A Blog by Jonathan Low

 

Apr 18, 2023

Why Without Effective Oversight, AI Could Hurt Patient Medical Care

Although it disappointed many with its impact on the Covid pandemic, AI may help provide better outcomes in certain healthcare situations. 

But there are growing concerns it will be viewed as a panacea whose recommendations provide simplistic but authoritative answers to complex questions, lead to insurance companies relying on it as a cheaper alternative as well as causing more malpractice lawsuits, all of which could degrade patient care. JL 

Dr. Marc Siegel reports USA Today:

Medical applications of AI are based on pattern recognition from analysis of diseases such as diabetes or heart disease before it occurs, or mutations of  brain tumors while surgery is going on. (But) AI threatens clinical judgment formed from years of experience (and) empathy for patients. Patients are already using it for medical advice. And malpractice risk? If you are a (doctor) who disagrees with your AI, a patient could sue, using AI recommendations as evidence. Insurance companies use AI algorithms for authorization, whether or not to cover a medication or test. Fights for insurance coverage could become even more escalated as personalized medicine is replaced by algorithms.

Artificial intelligence can be a useful scientific tool, but it also could threaten a doctor’s essential role

Medical school provided a similar kind of intelligence for me in that my brain was bombarded with a billion factoids, which laid a tapestry of information. Buried in my unconscious mind was the minutiae of nephrology, which I could bring to bear when I had a sick kidney patient, or the physiology of a failing heart when my patient’s lungs filled with fluid.

But the medical applications of computerized artificial intelligence are different. AI is based on a more precise pattern recognition from retinal analysis of diseases such as diabetes or heart disease before it occurs, or even the kind of mutations of a glioma (one of the worst kinds of brain tumors) while surgery is still going on.

Recent studies also have examined pre-cancerous stem cells in the blood as well as other factors for AI to analyze that could help with diagnosis and treatment. 

Nonetheless, what AI will always lack is my clinical judgment formed from years of experience, not to mention my empathy for my patients. Increasingly, AI threatens that.

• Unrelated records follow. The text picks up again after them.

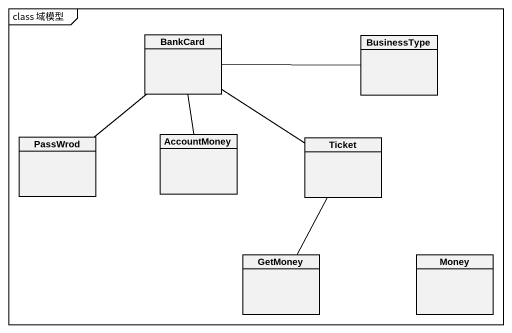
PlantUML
@startuml
mainframe class 域模型
hide circle
hide empty members
class BankCard
class BusinessType
class PassWrod
class AccountMoney
class Ticket
class GetMoney
class Money
BankCard -right- BusinessType
BankCard -- PassWrod
BankCard -- AccountMoney
BankCard -- Ticket
Ticket -- GetMoney
@enduml
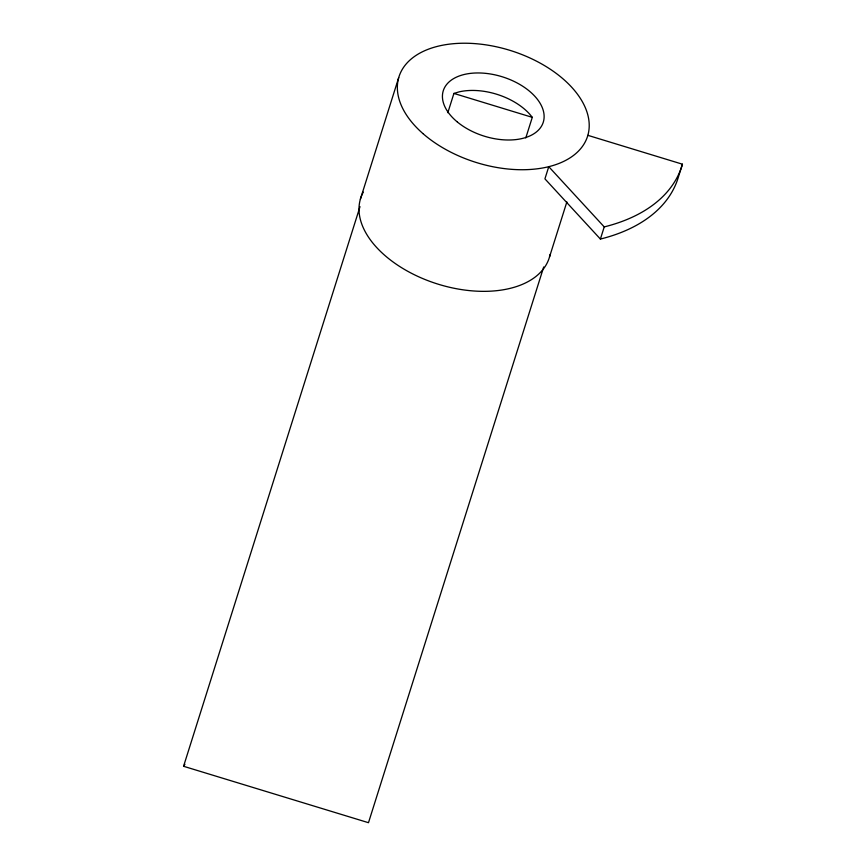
<?xml version="1.0" encoding="UTF-8"?>
<svg xmlns="http://www.w3.org/2000/svg" width="866" height="866" viewBox="0 0 866 866"><rect width="100%" height="100%" fill="white"/><g stroke="black" fill="none" stroke-linecap="round" stroke-linejoin="round"><path stroke-width="1.3" d="M360.364 199.234L398.706 77.626M543.707 266.966L368.483 822.7L183.57 766.28L360.007 206.671M447.83 112.699L453.914 93.431L459.186 91.85A52.415 31.024 17.5 0 1 529.819 114.301L532.287 117.343L525.803 137.9M549.509 256.942L566.873 201.897M604.23 226.903L548.763 166.683L544.92 178.851L600.398 239.059L604.23 226.903A197.773 117.083 17.5 0 0 682.43 164.194L587.862 135.334M682.43 164.194L678.598 176.35A197.773 117.083 17.5 0 1 600.398 239.059M183.57 766.28L184.934 764.299M453.914 93.431L532.287 117.343M550.126 254.463A98.886 58.542 17.5 0 1 434.71 283.074A98.886 58.542 17.5 0 1 363.276 192.133M422.922 133.57A98.886 58.542 17.5 0 0 584.94 142.435A98.886 58.542 17.5 0 0 471.981 43.43A98.886 58.542 17.5 0 0 422.922 133.57M457.4 122.041A52.415 31.024 17.5 0 0 542.419 124.423A52.415 31.024 17.5 0 0 480.024 72.982A52.415 31.024 17.5 0 0 457.4 122.041"/></g></svg>

You have only to look at a study recently published in Nature Biomedical Engineering that looked at intraoperative video monitoring to instruct surgeons to understand that the boundary between doctor and computer is too easily blurred in a way that could intimidate or even threaten a surgeon’s abilities.

 

And what about malpractice risk? If you are a radiologist, a dermatologist or a surgeon who decides to disagree with your AI feed, based on years of clinical judgment and experience, and you end up being proven wrong in retrospect, what is to prevent your patient from suing you and using the AI recommendations as evidence?

This might well intimidate doctors from going against AI recommendations for treatment, even if their judgment tells them to do so.

Consider that AI, when applied to clinical medicine, can give you only general answers. It cannot know the nuances of your case or history.

ChatGPT is a popular new AI bot that answers users' questions. Patients already are using it for medical advice.

As Dr. Isaac Kohane, chair of the Department of Biomedical Informatics at Harvard, told the New England Journal of Medicine: “Now with these large language models like ChatGPT, you see patients going to and asking questions that they’ve wanted to ask their doctors – because, as is commonly the case, you forget things when you go to the doctor, perhaps because you’re stressed, and because, unfortunately, doctors don’t have that much time.”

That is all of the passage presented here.